I wrote a bash script to call a Python script that encrypts private data using AES, taking a filepath and a 256-bit password as the only arguments. After encryption is done, it clears the history so the password isn't sitting there in case I leave the terminal open. It looks something like this:
#!/bin/bash
python aesencrypt.py "$1" "$2"
history -c
echo "" > ~/.bash_history
The ~/.bash_history file is cleared just fine, but if I run history after running this script then all of my history is still there (until I exit the terminal). Is there anything I'm missing here?
Don't try to clear history -- even though that's the most obvious way that passing a password on the command line exposes it, that action is giving a false sense of security: Passwords given on the command line are trivial to capture via other processes running on the same machine (even under untrusted accounts!) even without history involved at all.
Moreover, as you note, a shell can only modify its own in-memory state, not the in-memory state of the separate process that started it (which may not even be the same shell, or a shell at all!).

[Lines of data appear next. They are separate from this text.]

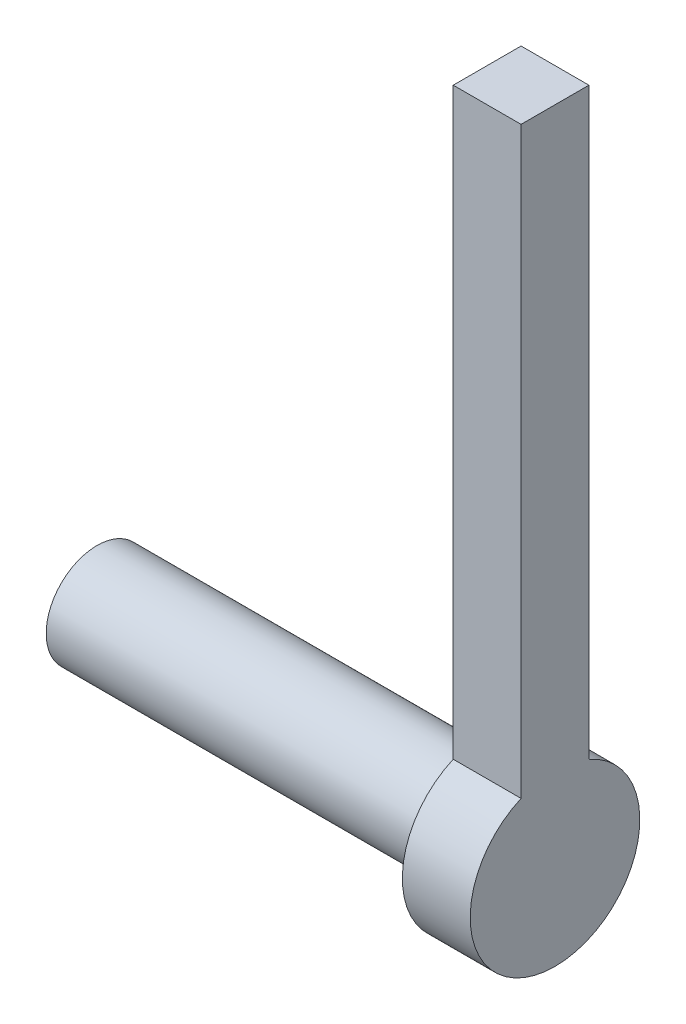
ISO-10303-21;
HEADER;
FILE_DESCRIPTION(('STEP AP214'),'2;1');
FILE_NAME('part.step','',(''),(''),'','','');
FILE_SCHEMA(('AUTOMOTIVE_DESIGN { 1 0 10303 214 1 1 1 1 }'));
ENDSEC;
DATA;
#1=APPLICATION_CONTEXT('core data for automotive mechanical design processes');
#2=APPLICATION_PROTOCOL_DEFINITION('international standard','automotive_design',2000,#1);
#3=PRODUCT_CONTEXT('',#1,'mechanical');
#4=PRODUCT('Part','Part','',(#3));
#5=PRODUCT_RELATED_PRODUCT_CATEGORY('part','',(#4));
#6=PRODUCT_DEFINITION_FORMATION('','',#4);
#7=PRODUCT_DEFINITION_CONTEXT('part definition',#1,'design');
#8=PRODUCT_DEFINITION('design','',#6,#7);
#9=PRODUCT_DEFINITION_SHAPE('','',#8);
#10=(LENGTH_UNIT() NAMED_UNIT(*) SI_UNIT(.MILLI.,.METRE.));
#11=(NAMED_UNIT(*) PLANE_ANGLE_UNIT() SI_UNIT($,.RADIAN.));
#12=(NAMED_UNIT(*) SI_UNIT($,.STERADIAN.) SOLID_ANGLE_UNIT());
#13=UNCERTAINTY_MEASURE_WITH_UNIT(LENGTH_MEASURE(1.E-05),#10,'distance_accuracy_value','');
#14=(GEOMETRIC_REPRESENTATION_CONTEXT(3) GLOBAL_UNCERTAINTY_ASSIGNED_CONTEXT((#13)) GLOBAL_UNIT_ASSIGNED_CONTEXT((#10,
#11,#12)) REPRESENTATION_CONTEXT('',''));
#15=CARTESIAN_POINT('',(0.,0.,0.));
#16=DIRECTION('',(0.,0.,1.));
#17=DIRECTION('',(1.,0.,0.));
#18=AXIS2_PLACEMENT_3D('',#15,#16,#17);
#19=CARTESIAN_POINT('',(-0.5,29.,-10.5));
#20=DIRECTION('',(-1.,0.,0.));
#21=DIRECTION('',(0.,0.,1.));
#22=AXIS2_PLACEMENT_3D('',#19,#20,#21);
#23=CYLINDRICAL_SURFACE('',#22,1.5);
#24=CARTESIAN_POINT('',(-0.5,29.,-10.5));
#25=DIRECTION('',(-1.,0.,0.));
#26=DIRECTION('',(0.,0.,-1.));
#27=AXIS2_PLACEMENT_3D('',#24,#25,#26);
#28=CIRCLE('',#27,1.5);
#29=CARTESIAN_POINT('',(-0.5,29.,-12.));
#30=VERTEX_POINT('',#29);
#31=EDGE_CURVE('E11',#30,#30,#28,.T.);
#32=ORIENTED_EDGE('',*,*,#31,.T.);
#33=EDGE_LOOP('',(#32));
#34=FACE_BOUND('',#33,.T.);
#35=CARTESIAN_POINT('',(-12.,29.,-10.5));
#36=DIRECTION('',(-1.,0.,0.));
#37=DIRECTION('',(0.,0.,-1.));
#38=AXIS2_PLACEMENT_3D('',#35,#36,#37);
#39=CIRCLE('',#38,1.5);
#40=CARTESIAN_POINT('',(-12.,29.,-12.));
#41=VERTEX_POINT('',#40);
#42=EDGE_CURVE('E42',#41,#41,#39,.T.);
#43=ORIENTED_EDGE('',*,*,#42,.F.);
#44=EDGE_LOOP('',(#43));
#45=FACE_BOUND('',#44,.T.);
#46=ADVANCED_FACE('F41',(#34,#45),#23,.T.);
#47=CARTESIAN_POINT('',(-12.,29.,-10.5));
#48=DIRECTION('',(1.,0.,0.));
#49=DIRECTION('',(0.,0.,-1.));
#50=AXIS2_PLACEMENT_3D('',#47,#48,#49);
#51=PLANE('',#50);
#52=ORIENTED_EDGE('',*,*,#42,.T.);
#53=EDGE_LOOP('',(#52));
#54=FACE_BOUND('',#53,.T.);
#55=ADVANCED_FACE('F121',(#54),#51,.F.);
#56=CARTESIAN_POINT('',(1.5,29.,-10.5));
#57=DIRECTION('',(-1.,0.,0.));
#58=DIRECTION('',(0.,0.,1.));
#59=AXIS2_PLACEMENT_3D('',#56,#57,#58);
#60=CYLINDRICAL_SURFACE('',#59,2.5);
#61=CARTESIAN_POINT('',(-0.5,29.,-10.5));
#62=DIRECTION('',(-1.,0.,0.));
#63=DIRECTION('',(0.,0.,-1.));
#64=AXIS2_PLACEMENT_3D('',#61,#62,#63);
#65=CIRCLE('',#64,2.5);
#66=CARTESIAN_POINT('',(-0.5,31.2912878474779,-11.5));
#67=VERTEX_POINT('',#66);
#68=CARTESIAN_POINT('',(-0.5,31.2912878474779,-9.5));
#69=VERTEX_POINT('',#68);
#70=EDGE_CURVE('E101',#67,#69,#65,.T.);
#71=ORIENTED_EDGE('',*,*,#70,.F.);
#72=DIRECTION('',(-1.,0.,0.));
#73=VECTOR('',#72,1.);
#74=CARTESIAN_POINT('',(1.5,31.2912878474779,-11.5));
#75=LINE('',#74,#73);
#76=CARTESIAN_POINT('',(1.5,31.2912878474779,-11.5));
#77=VERTEX_POINT('',#76);
#78=EDGE_CURVE('E92',#67,#77,#75,.F.);
#79=ORIENTED_EDGE('',*,*,#78,.T.);
#80=CARTESIAN_POINT('',(1.5,29.,-10.5));
#81=DIRECTION('',(-1.,0.,0.));
#82=DIRECTION('',(0.,0.,-1.));
#83=AXIS2_PLACEMENT_3D('',#80,#81,#82);
#84=CIRCLE('',#83,2.5);
#85=CARTESIAN_POINT('',(1.5,31.2912878474779,-9.5));
#86=VERTEX_POINT('',#85);
#87=EDGE_CURVE('E111',#77,#86,#84,.T.);
#88=ORIENTED_EDGE('',*,*,#87,.T.);
#89=DIRECTION('',(-1.,0.,0.));
#90=VECTOR('',#89,1.);
#91=CARTESIAN_POINT('',(1.5,31.2912878474779,-9.5));
#92=LINE('',#91,#90);
#93=EDGE_CURVE('E115',#69,#86,#92,.F.);
#94=ORIENTED_EDGE('',*,*,#93,.F.);
#95=EDGE_LOOP('',(#71,#79,#88,#94));
#96=FACE_BOUND('',#95,.T.);
#97=ADVANCED_FACE('F126',(#96),#60,.T.);
#98=CARTESIAN_POINT('',(1.5,29.,-10.5));
#99=DIRECTION('',(1.,0.,0.));
#100=DIRECTION('',(0.,0.,-1.));
#101=AXIS2_PLACEMENT_3D('',#98,#99,#100);
#102=PLANE('',#101);
#103=ORIENTED_EDGE('',*,*,#87,.F.);
#104=DIRECTION('',(0.,-1.,0.));
#105=VECTOR('',#104,1.);
#106=CARTESIAN_POINT('',(1.5,48.5,-11.5));
#107=LINE('',#106,#105);
#108=CARTESIAN_POINT('',(1.5,48.5,-11.5));
#109=VERTEX_POINT('',#108);
#110=EDGE_CURVE('E105',#109,#77,#107,.T.);
#111=ORIENTED_EDGE('',*,*,#110,.F.);
#112=DIRECTION('',(0.,0.,-1.));
#113=VECTOR('',#112,1.);
#114=CARTESIAN_POINT('',(1.5,48.5,-9.5));
#115=LINE('',#114,#113);
#116=CARTESIAN_POINT('',(1.5,48.5,-9.5));
#117=VERTEX_POINT('',#116);
#118=EDGE_CURVE('E96',#117,#109,#115,.T.);
#119=ORIENTED_EDGE('',*,*,#118,.F.);
#120=DIRECTION('',(0.,-1.,0.));
#121=VECTOR('',#120,1.);
#122=CARTESIAN_POINT('',(1.5,48.5,-9.5));
#123=LINE('',#122,#121);
#124=EDGE_CURVE('E54',#117,#86,#123,.T.);
#125=ORIENTED_EDGE('',*,*,#124,.T.);
#126=EDGE_LOOP('',(#103,#111,#119,#125));
#127=FACE_BOUND('',#126,.T.);
#128=ADVANCED_FACE('F132',(#127),#102,.T.);
#129=CARTESIAN_POINT('',(-0.5,29.,-10.5));
#130=DIRECTION('',(1.,0.,0.));
#131=DIRECTION('',(0.,0.,-1.));
#132=AXIS2_PLACEMENT_3D('',#129,#130,#131);
#133=PLANE('',#132);
#134=ORIENTED_EDGE('',*,*,#70,.T.);
#135=DIRECTION('',(0.,1.,0.));
#136=VECTOR('',#135,1.);
#137=CARTESIAN_POINT('',(-0.5,29.,-9.5));
#138=LINE('',#137,#136);
#139=CARTESIAN_POINT('',(-0.5,48.5,-9.5));
#140=VERTEX_POINT('',#139);
#141=EDGE_CURVE('E87',#69,#140,#138,.T.);
#142=ORIENTED_EDGE('',*,*,#141,.T.);
#143=DIRECTION('',(0.,0.,-1.));
#144=VECTOR('',#143,1.);
#145=CARTESIAN_POINT('',(-0.5,48.5,-9.5));
#146=LINE('',#145,#144);
#147=CARTESIAN_POINT('',(-0.5,48.5,-11.5));
#148=VERTEX_POINT('',#147);
#149=EDGE_CURVE('E95',#140,#148,#146,.T.);
#150=ORIENTED_EDGE('',*,*,#149,.T.);
#151=DIRECTION('',(0.,1.,0.));
#152=VECTOR('',#151,1.);
#153=CARTESIAN_POINT('',(-0.5,29.,-11.5));
#154=LINE('',#153,#152);
#155=EDGE_CURVE('E65',#67,#148,#154,.T.);
#156=ORIENTED_EDGE('',*,*,#155,.F.);
#157=EDGE_LOOP('',(#134,#142,#150,#156));
#158=FACE_BOUND('',#157,.T.);
#159=ORIENTED_EDGE('',*,*,#31,.F.);
#160=EDGE_LOOP('',(#159));
#161=FACE_BOUND('',#160,.T.);
#162=ADVANCED_FACE('F98',(#158,#161),#133,.F.);
#163=CARTESIAN_POINT('',(0.,0.,-9.5));
#164=DIRECTION('',(0.,0.,1.));
#165=DIRECTION('',(1.,0.,0.));
#166=AXIS2_PLACEMENT_3D('',#163,#164,#165);
#167=PLANE('',#166);
#168=ORIENTED_EDGE('',*,*,#93,.T.);
#169=ORIENTED_EDGE('',*,*,#124,.F.);
#170=DIRECTION('',(1.,0.,0.));
#171=VECTOR('',#170,1.);
#172=CARTESIAN_POINT('',(-0.5,48.5,-9.5));
#173=LINE('',#172,#171);
#174=EDGE_CURVE('E84',#140,#117,#173,.T.);
#175=ORIENTED_EDGE('',*,*,#174,.F.);
#176=ORIENTED_EDGE('',*,*,#141,.F.);
#177=EDGE_LOOP('',(#168,#169,#175,#176));
#178=FACE_BOUND('',#177,.T.);
#179=ADVANCED_FACE('F85',(#178),#167,.T.);
#180=CARTESIAN_POINT('',(0.,0.,-11.5));
#181=DIRECTION('',(0.,0.,1.));
#182=DIRECTION('',(1.,0.,0.));
#183=AXIS2_PLACEMENT_3D('',#180,#181,#182);
#184=PLANE('',#183);
#185=ORIENTED_EDGE('',*,*,#155,.T.);
#186=DIRECTION('',(1.,0.,0.));
#187=VECTOR('',#186,1.);
#188=CARTESIAN_POINT('',(-0.5,48.5,-11.5));
#189=LINE('',#188,#187);
#190=EDGE_CURVE('E94',#148,#109,#189,.T.);
#191=ORIENTED_EDGE('',*,*,#190,.T.);
#192=ORIENTED_EDGE('',*,*,#110,.T.);
#193=ORIENTED_EDGE('',*,*,#78,.F.);
#194=EDGE_LOOP('',(#185,#191,#192,#193));
#195=FACE_BOUND('',#194,.T.);
#196=ADVANCED_FACE('F137',(#195),#184,.F.);
#197=CARTESIAN_POINT('',(-0.5,48.5,-9.5));
#198=DIRECTION('',(0.,-1.,0.));
#199=DIRECTION('',(0.,0.,1.));
#200=AXIS2_PLACEMENT_3D('',#197,#198,#199);
#201=PLANE('',#200);
#202=ORIENTED_EDGE('',*,*,#190,.F.);
#203=ORIENTED_EDGE('',*,*,#149,.F.);
#204=ORIENTED_EDGE('',*,*,#174,.T.);
#205=ORIENTED_EDGE('',*,*,#118,.T.);
#206=EDGE_LOOP('',(#202,#203,#204,#205));
#207=FACE_BOUND('',#206,.T.);
#208=ADVANCED_FACE('F91',(#207),#201,.F.);
#209=CLOSED_SHELL('',(#46,#55,#97,#128,#162,#179,#196,#208));
#210=MANIFOLD_SOLID_BREP('B2',#209);
#211=ADVANCED_BREP_SHAPE_REPRESENTATION('',(#18,#210),#14);
#212=SHAPE_DEFINITION_REPRESENTATION(#9,#211);
ENDSEC;
END-ISO-10303-21;

Instead, modify your Python program's calling convention to read the password direct from the TTY (as SSH does), or from the environment. For the latter, usage might look like:
# assumes you renamed aesencrypt.py to aesencrypt, ran chmod +x, and gave a valid shebang
password="somePassword" aesencrypt outFile
...and you would want to modify your Python script to do something like:
#!/usr/bin/env python
import os, sys
filename = sys.argv[1]
password = os.environ['password']
# ...put the rest of your logic here.